Accordingly, we remand for a retroactive determination of the
Defendant’s competency. If the trial court finds that the Defendant was
competent at the time of the probation violation hearing, it shall enter a
2 nunc pro tunc written order reflecting its oral pronouncement regarding
Defendant's competency. Mullens v. State, 197 So. 3d 16, 37 (Fla. 2016)
(“The district courts of this state have interpreted this language [Fla. R.
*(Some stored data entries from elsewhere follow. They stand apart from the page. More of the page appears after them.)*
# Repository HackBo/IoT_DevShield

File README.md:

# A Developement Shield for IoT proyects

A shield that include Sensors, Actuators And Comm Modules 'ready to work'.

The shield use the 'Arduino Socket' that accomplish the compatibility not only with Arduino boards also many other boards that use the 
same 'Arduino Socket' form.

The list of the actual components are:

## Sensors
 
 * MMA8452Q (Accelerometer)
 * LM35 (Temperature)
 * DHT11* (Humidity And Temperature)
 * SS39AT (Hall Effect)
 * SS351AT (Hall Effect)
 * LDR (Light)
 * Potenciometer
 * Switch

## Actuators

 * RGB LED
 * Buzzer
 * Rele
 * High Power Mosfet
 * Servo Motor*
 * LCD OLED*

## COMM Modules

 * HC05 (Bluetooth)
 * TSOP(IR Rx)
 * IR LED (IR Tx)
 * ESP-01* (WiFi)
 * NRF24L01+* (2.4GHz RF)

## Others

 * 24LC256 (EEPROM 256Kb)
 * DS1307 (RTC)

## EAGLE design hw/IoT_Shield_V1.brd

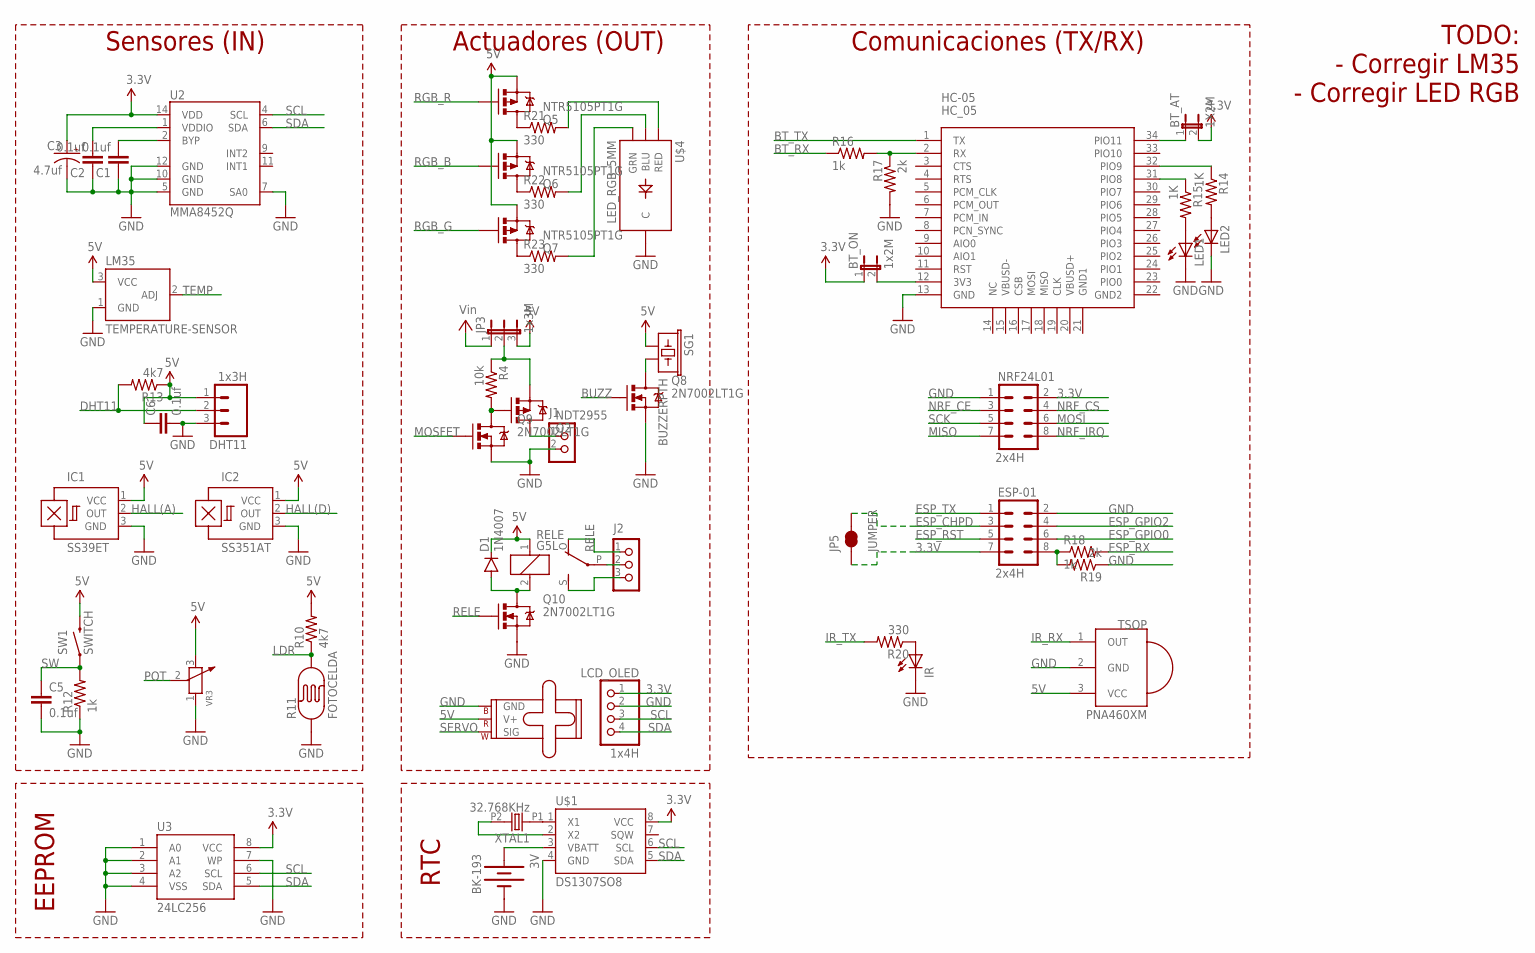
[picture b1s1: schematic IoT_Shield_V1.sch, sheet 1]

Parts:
3V: BK-193; BATTERY-20MMTH
BT_AT: 1X2M; JP1
BT_ON: 1x2M; JP1
C1, C2, C5, C6: 0.1uf; 0805
C3: 4.7uf; EIA3528-KIT
D1: 1N4007; SMA-DIODE
DHT11: 1x3H; 1X03_LOCK
ESP-01: 2x4H; 2X4
HC-05: HC_05; BLUETOOTH_SMD
IC1: SS39ET; SOT23-W
IC2: SS351AT; SOT23-W
IR: LEDIRL80A; IRL80A
J1: CON_TERMINAL_BLOCK_02-5MM; TERMINAL_BLOCK_2P_5
J2: CON_TERMINAL_BLOCK_03-5MM; TERMINAL_BLOCK_3P_5
JP3: 1x3M; JP2
JP5: JUMPER; PAD-JUMPER-2-NC_BY_TRACE_NO_SILK
LCD_OLED: 1x4H; 1X04
LED1, LED2: LEDCHIPLED_0805; CHIPLED_0805
LM35: TEMPERATURE-SENSOR; TO-92
NRF24L01: 2x4H; 2X4
Q2: NDT2955; SOT223
Q5, Q6, Q7: NTR5105PT1G; SOT23-3
Q8, Q9, Q10: 2N7002LT1G; SOT23-3
R4: 10k; 0805
R10, R13: 4k7; 0805
R11: FOTOCELDA; PHOTOCELL
R12, R16, R18: 1k; 0805
R14, R15: 1K; 0805
R17, R19: 2k; 0805
R20, R21, R22, R23: 330; 1206
RELE: G5L; G5LE
SERVO: 1X3M; 1X03
SG1: BUZZERPTH; BUZZER-12MM
SW1: SWITCH; TACTILE-PTH
TSOP: PNA460XM
U2: MMA8452Q; QFN-16_0.5MM
U3: 24LC256; SO08
U$1: DS1307SO8; SO08
U$4: LED_RGB_5MM; LED_PIRANHA_5MM
VR3: RES-ADJ'WH121-1'; ADJR2+3P-16.0X12.0X18.0MM
XTAL1: 32.768KHz; TC-26

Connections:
3.3V: BT_AT.2, BT_ON.1, C3.A (+), ESP-01.7, JP5.1, LCD_OLED.1, NRF24L01.2, U2.14 (VDD), U3.8 (VCC), U$1.8 (VCC); also elsewhere on the board
5V: C6.1, D1.C, DHT11.1, IC1.1 (VCC), IC2.1 (VCC), JP3.3, LM35.3 (VCC), Q5.2 (S), Q6.2 (S), Q7.2 (S), R10.2, R13.1, RELE.1, SERVO.2 (V+), SG1.+ (1), SW1.3 (2), TSOP.3 (VCC), VR3.3; also elsewhere on the board
BT_RX: R16.1; also elsewhere on the board
BT_TX: HC-05.1 (TX); also elsewhere on the board
BUZZ: Q8.1 (G); also elsewhere on the board
DHT11: DHT11.2, R13.2; also elsewhere on the board
ESP_CHPD: ESP-01.3, JP5.2; also elsewhere on the board
ESP_GPIO0: ESP-01.6; also elsewhere on the board
ESP_GPIO2: ESP-01.4; also elsewhere on the board
ESP_RST: ESP-01.5; also elsewhere on the board
ESP_RX: R18.2; also elsewhere on the board
ESP_TX: ESP-01.1; also elsewhere on the board
GND: 3V.P1- (-), C1.1, C2.1, C3.C (-), C5.2, C6.2, DHT11.3, ESP-01.2, HC-05.13 (GND), IC1.3 (GND), IC2.3 (GND), IR.K (C), J1.2, LCD_OLED.2, LED1.C, LED2.C, LM35.1 (GND), NRF24L01.1, Q8.2 (S), Q9.2 (S), Q10.2 (S), R11.1, R12.1, R17.2, R19.1, SERVO.3 (GND), TSOP.2 (GND), U2.5 (GND), U2.7 (SA0), U2.10 (GND), U2.12 (GND), U3.1 (A0), U3.2 (A1), U3.3 (A2), U3.4 (VSS), U3.7 (WP), U$1.4 (GND), U$4.- (C), VR3.1; also elsewhere on the board
HALL(A): IC1.2 (OUT); also elsewhere on the board
HALL(D): IC2.2 (OUT); also elsewhere on the board
IR_RX: TSOP.1 (OUT); also elsewhere on the board
IR_TX: R20.2; also elsewhere on the board
LDR: R10.1, R11.2; also elsewhere on the board
MISO: NRF24L01.7; also elsewhere on the board
MOSFET: Q9.1 (G); also elsewhere on the board
MOSI: NRF24L01.6; also elsewhere on the board
unnamed: U$1.2 (X2), XTAL1.P2 (2)
unnamed: U$1.1 (X1), XTAL1.P1 (1)
unnamed: 3V.P2+ (+), 3V.P3+ (+), U$1.3 (VBATT)
unnamed: C1.2, U2.2 (BYP)
unnamed: C2.2, U2.1 (VDDIO)
unnamed: J1.1, Q2.2 (D), Q2.4 (D)
unnamed: Q8.3 (D), SG1.- (2)
unnamed: Q2.1 (G), Q9.3 (D), R4.2
unnamed: D1.A, Q10.3 (D), RELE.2
unnamed: R23.2, U$4.G (GRN)
unnamed: R22.2, U$4.B (BLU)
unnamed: R21.2, U$4.R (RED)
unnamed: JP3.2, Q2.3 (S), R4.1
unnamed: BT_ON.2, HC-05.12 (3V3)
unnamed: HC-05.32 (PIO9), R14.1
unnamed: HC-05.31 (PIO8), R15.1
unnamed: LED1.A, R15.2
unnamed: LED2.A, R14.2
unnamed: HC-05.2 (RX), R16.2, R17.1
unnamed: ESP-01.8, R18.1, R19.2
unnamed: Q5.3 (D), R21.1
unnamed: BT_AT.1, HC-05.34 (PIO11)
unnamed: Q6.3 (D), R22.1
unnamed: Q7.3 (D), R23.1
unnamed: IR.A, R20.1
NRF_CE: NRF24L01.3; also elsewhere on the board
NRF_CS: NRF24L01.4; also elsewhere on the board
NRF_IRQ: NRF24L01.8
POT: VR3.2; also elsewhere on the board
RELE: Q10.1 (G); also elsewhere on the board
RELE_COMM: J2.2, RELE.P
RELE_NC: J2.1, RELE.O
RELE_NO: J2.3, RELE.S
RGB_B: Q6.1 (G); also elsewhere on the board
RGB_G: Q7.1 (G); also elsewhere on the board
RGB_R: Q5.1 (G); also elsewhere on the board
SCK: NRF24L01.5; also elsewhere on the board
SCL: LCD_OLED.3, U2.4 (SCL), U3.6 (SCL), U$1.6 (SCL); also elsewhere on the board
SDA: LCD_OLED.4, U2.6 (SDA), U3.5 (SDA), U$1.5 (SDA); also elsewhere on the board
SERVO: SERVO.1 (SIG); also elsewhere on the board
SW: C5.1, R12.2, SW1.1; also elsewhere on the board
TEMP: LM35.2 (ADJ); also elsewhere on the board
VIN: JP3.1; also elsewhere on the board

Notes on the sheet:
Sensores (IN)
Actuadores (OUT)
Comunicaciones (TX/RX)
RTC
EEPROM
TODO: - Corregir LM35 - Corregir LED RGB

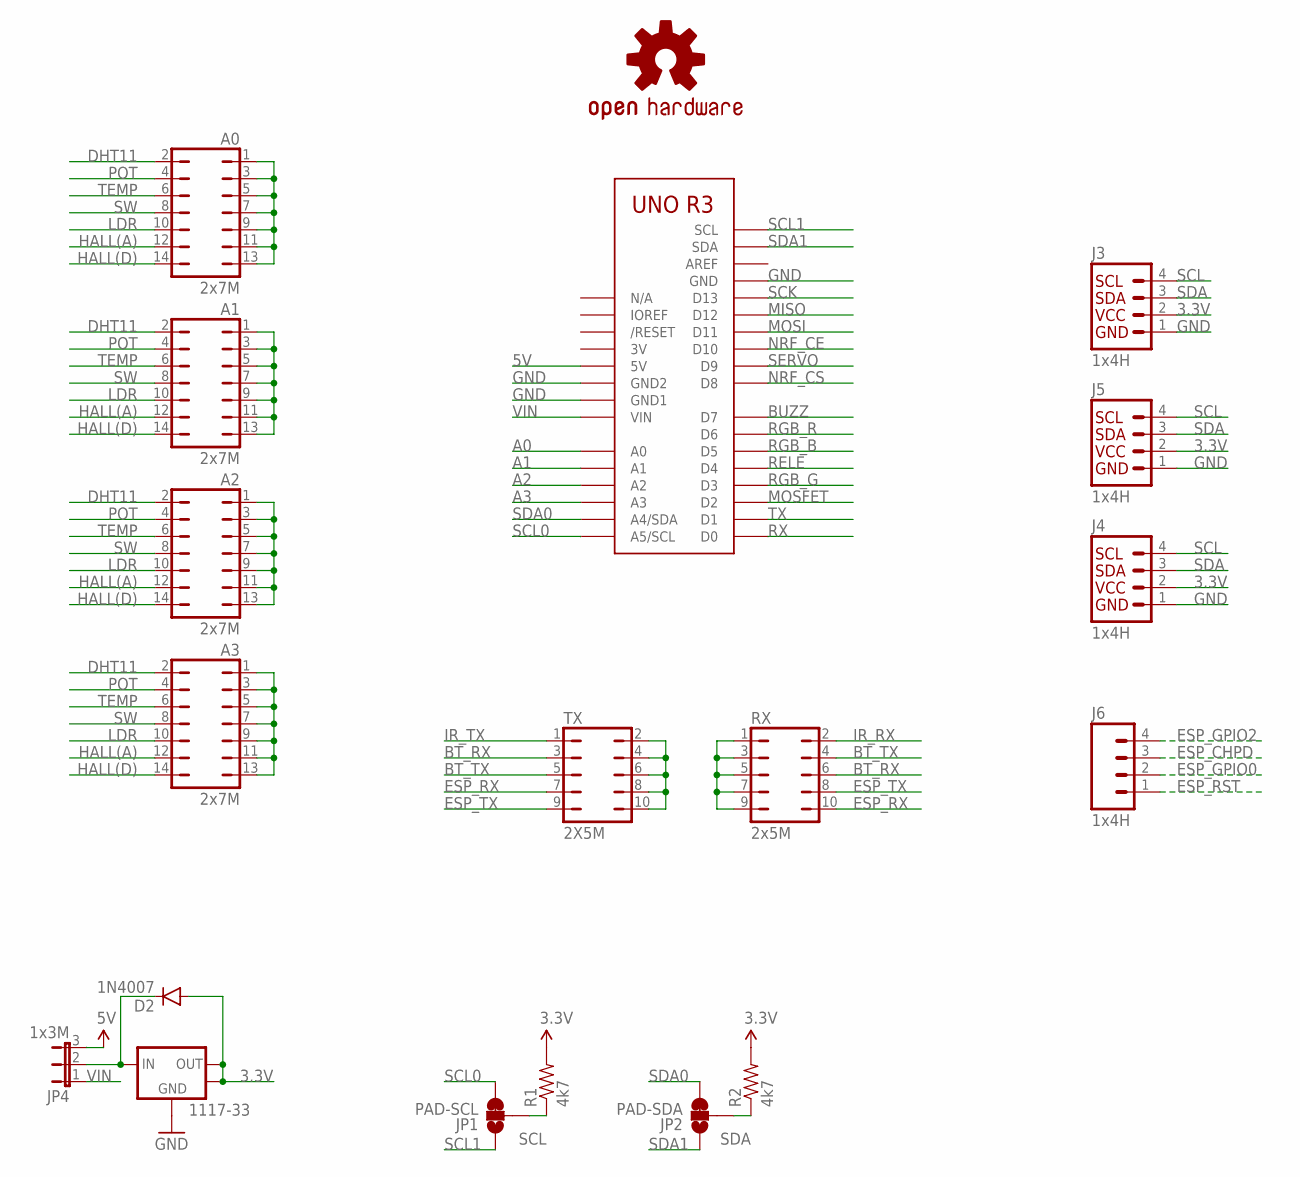
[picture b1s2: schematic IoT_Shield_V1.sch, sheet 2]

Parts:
1117-33: LV1117-33TO252; TO252
A0, A1, A2, A3: 2x7M; JP7Q
D2: 1N4007; SMA-DIODE
J3, J4, J5: 1x4H; 1X04
J6: 1x4H; 1X04_LOCK
JP1: PAD-SCL; PAD-JUMPER-3-2OF3_NC_BY_TRACE_YES_SILK_LARGE
JP2: PAD-SDA; PAD-JUMPER-3-2OF3_NC_BY_TRACE_YES_SILK_LARGE
JP4: 1x3M; JP2
LOGO1: OSHW-LOGOL-COPPER; OSHW-LOGO-L_COPPER
R1, R2: 4k7; 0805
RX: 2x5M; JP5Q
TX: 2X5M; JP5Q
U1: ARDUINOR3-DIMENSION; ARDUINOR3

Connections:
3.3V: 1117-33.2 (OUT), 1117-33.4 (OUT), D2.A, J3.2, J4.2, J5.2, R1.2, R2.2; also elsewhere on the board
3V: U1.3V
5V: JP4.3, U1.5V; also elsewhere on the board
A0: A0.1, A0.3, A0.5, A0.7, A0.9, A0.11, A0.13, U1.A0
A1: A1.1, A1.3, A1.5, A1.7, A1.9, A1.11, A1.13, U1.A1
A2: A2.1, A2.3, A2.5, A2.7, A2.9, A2.11, A2.13, U1.A2
A3: A3.1, A3.3, A3.5, A3.7, A3.9, A3.11, A3.13, U1.A3
BT_RX: RX.6, TX.3; also elsewhere on the board
BT_TX: RX.4, TX.5; also elsewhere on the board
BUZZ: U1.D7; also elsewhere on the board
DHT11: A0.2, A1.2, A2.2, A3.2; also elsewhere on the board
ESP_CHPD: J6.3; also elsewhere on the board
ESP_GPIO0: J6.2; also elsewhere on the board
ESP_GPIO2: J6.4; also elsewhere on the board
ESP_RST: J6.1; also elsewhere on the board
ESP_RX: RX.10, TX.7; also elsewhere on the board
ESP_TX: RX.8, TX.9; also elsewhere on the board
GND: 1117-33.1 (ADJ), J3.1, J4.1, J5.1, U1.GND, U1.GND1, U1.GND2; also elsewhere on the board
HALL(A): A0.12, A1.12, A2.12, A3.12; also elsewhere on the board
HALL(D): A0.14, A1.14, A2.14, A3.14; also elsewhere on the board
IR_RX: RX.2; also elsewhere on the board
IR_TX: TX.1; also elsewhere on the board
LDR: A0.10, A1.10, A2.10, A3.10; also elsewhere on the board
MISO: U1.D12; also elsewhere on the board
MOSFET: U1.D2; also elsewhere on the board
MOSI: U1.D11; also elsewhere on the board
unnamed: 1117-33.3 (IN), D2.C, JP4.2
NRF_CE: U1.D10; also elsewhere on the board
NRF_CS: U1.D8; also elsewhere on the board
POT: A0.4, A1.4, A2.4, A3.4; also elsewhere on the board
RELE: U1.D4; also elsewhere on the board
RGB_B: U1.D5; also elsewhere on the board
RGB_G: U1.D3; also elsewhere on the board
RGB_R: U1.D6; also elsewhere on the board
RX: RX.1, RX.3, RX.5, RX.7, RX.9, U1.D0
SCK: U1.D13; also elsewhere on the board
SCL: J3.4, J4.4, J5.4, JP1.2, R1.1; also elsewhere on the board
SCL0: JP1.3, U1.A5 (A5/SCL)
SCL1: JP1.1, U1.SCL
SDA: J3.3, J4.3, J5.3, JP2.2, R2.1; also elsewhere on the board
SDA0: JP2.3, U1.A4 (A4/SDA)
SDA1: JP2.1, U1.SDA
SERVO: U1.D9; also elsewhere on the board
SW: A0.8, A1.8, A2.8, A3.8; also elsewhere on the board
TEMP: A0.6, A1.6, A2.6, A3.6; also elsewhere on the board
TX: TX.2, TX.4, TX.6, TX.8, TX.10, U1.D1
VIN: JP4.1, U1.VIN; also elsewhere on the board

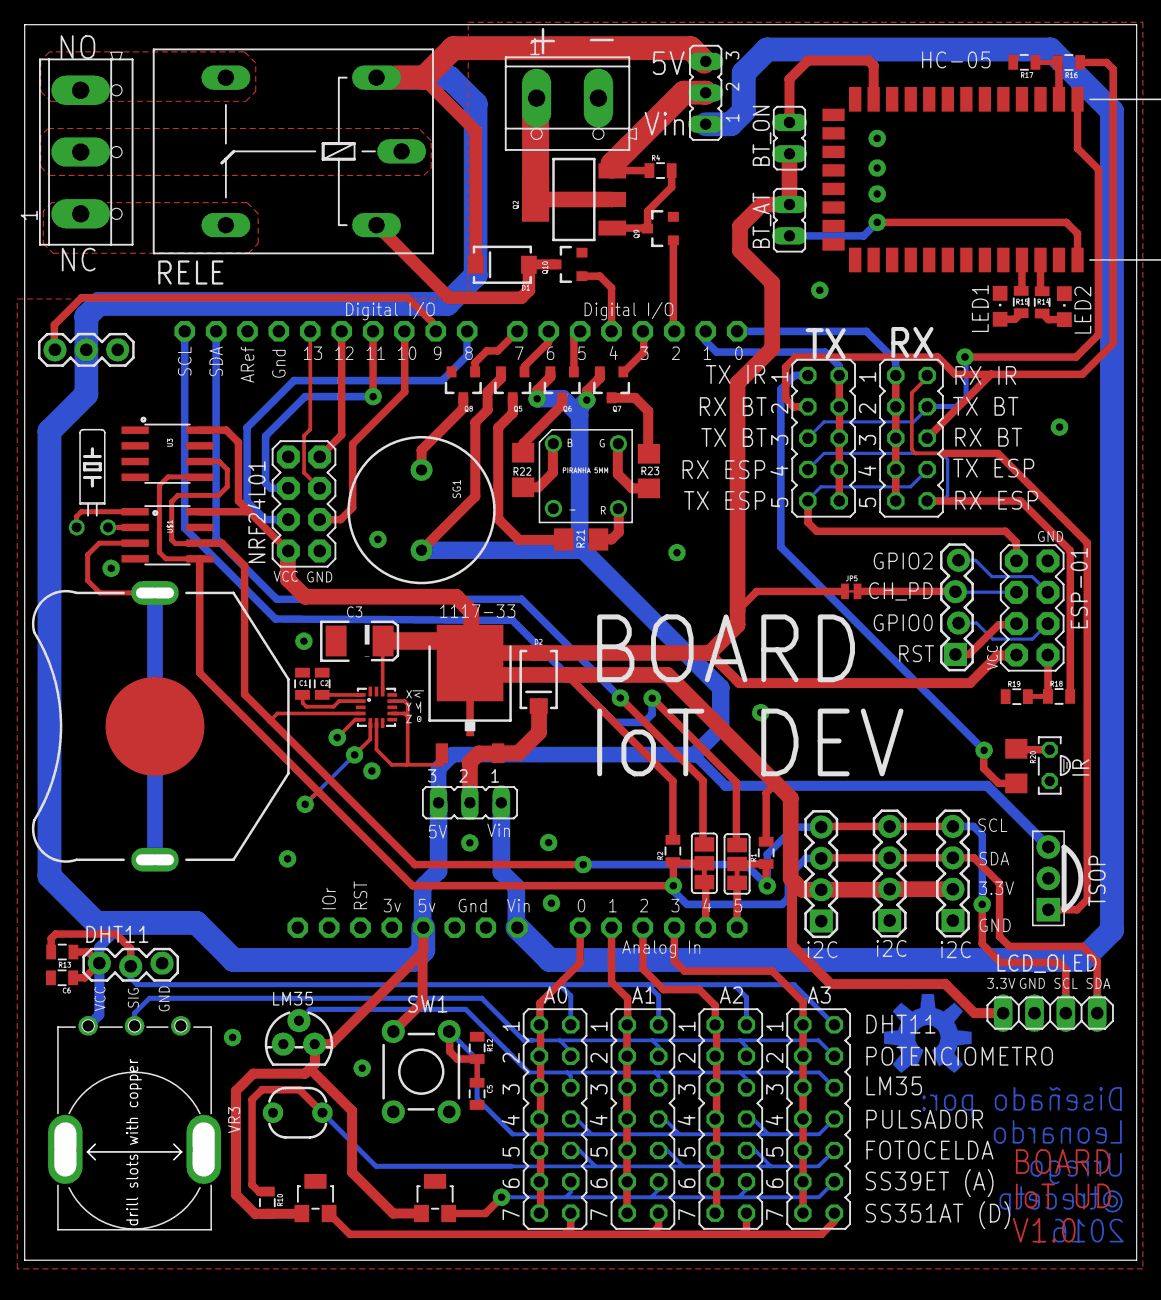
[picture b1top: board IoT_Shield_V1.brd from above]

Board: 2 copper layers, 88.2 x 99.4 mm, 76 parts (1 on the bottom side), 74 nets.

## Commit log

2017-03-15 First Version
2017-03-16 Add Readme
2017-05-10 Algunas imagenes de Archivo
2017-05-10 Codigo de ejemplo para probar la tarjeta

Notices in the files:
parts and their libraries:
SparkFun-Capacitors: Licensing: Creative Commons ShareAlike 4.0 International - https://creativecommons.org/licenses/by-sa/4.0

Crim. P. 3.212(b)] to require a written order of competency; when a trial
court has issued only an oral finding of competency, the district courts have
typically remanded for a nunc pro tunc written order of competency.”);
Moreno v. State, 232 So. 3d 1133, 1138 (Fla. 3d DCA 2017) (remanding for
the sole purpose of entering a written order reflecting its oral
pronouncement regarding Moreno's competency).
If trial court finds that the Defendant was incompetent or that a
retrospective determination is not possible in this case, the court shall hold
a new probation violation hearing, as long as the Defendant is and remains
competent on remand. We also instruct the trial court to enter a written
order of revocation of probation, assuming the court can make a retroactive
competency determination. As the entry of such an order is a ministerial
act, Defendant does not need to be present. Moreno, 232 So 3d at 1138.
Reversed and remanded with directions.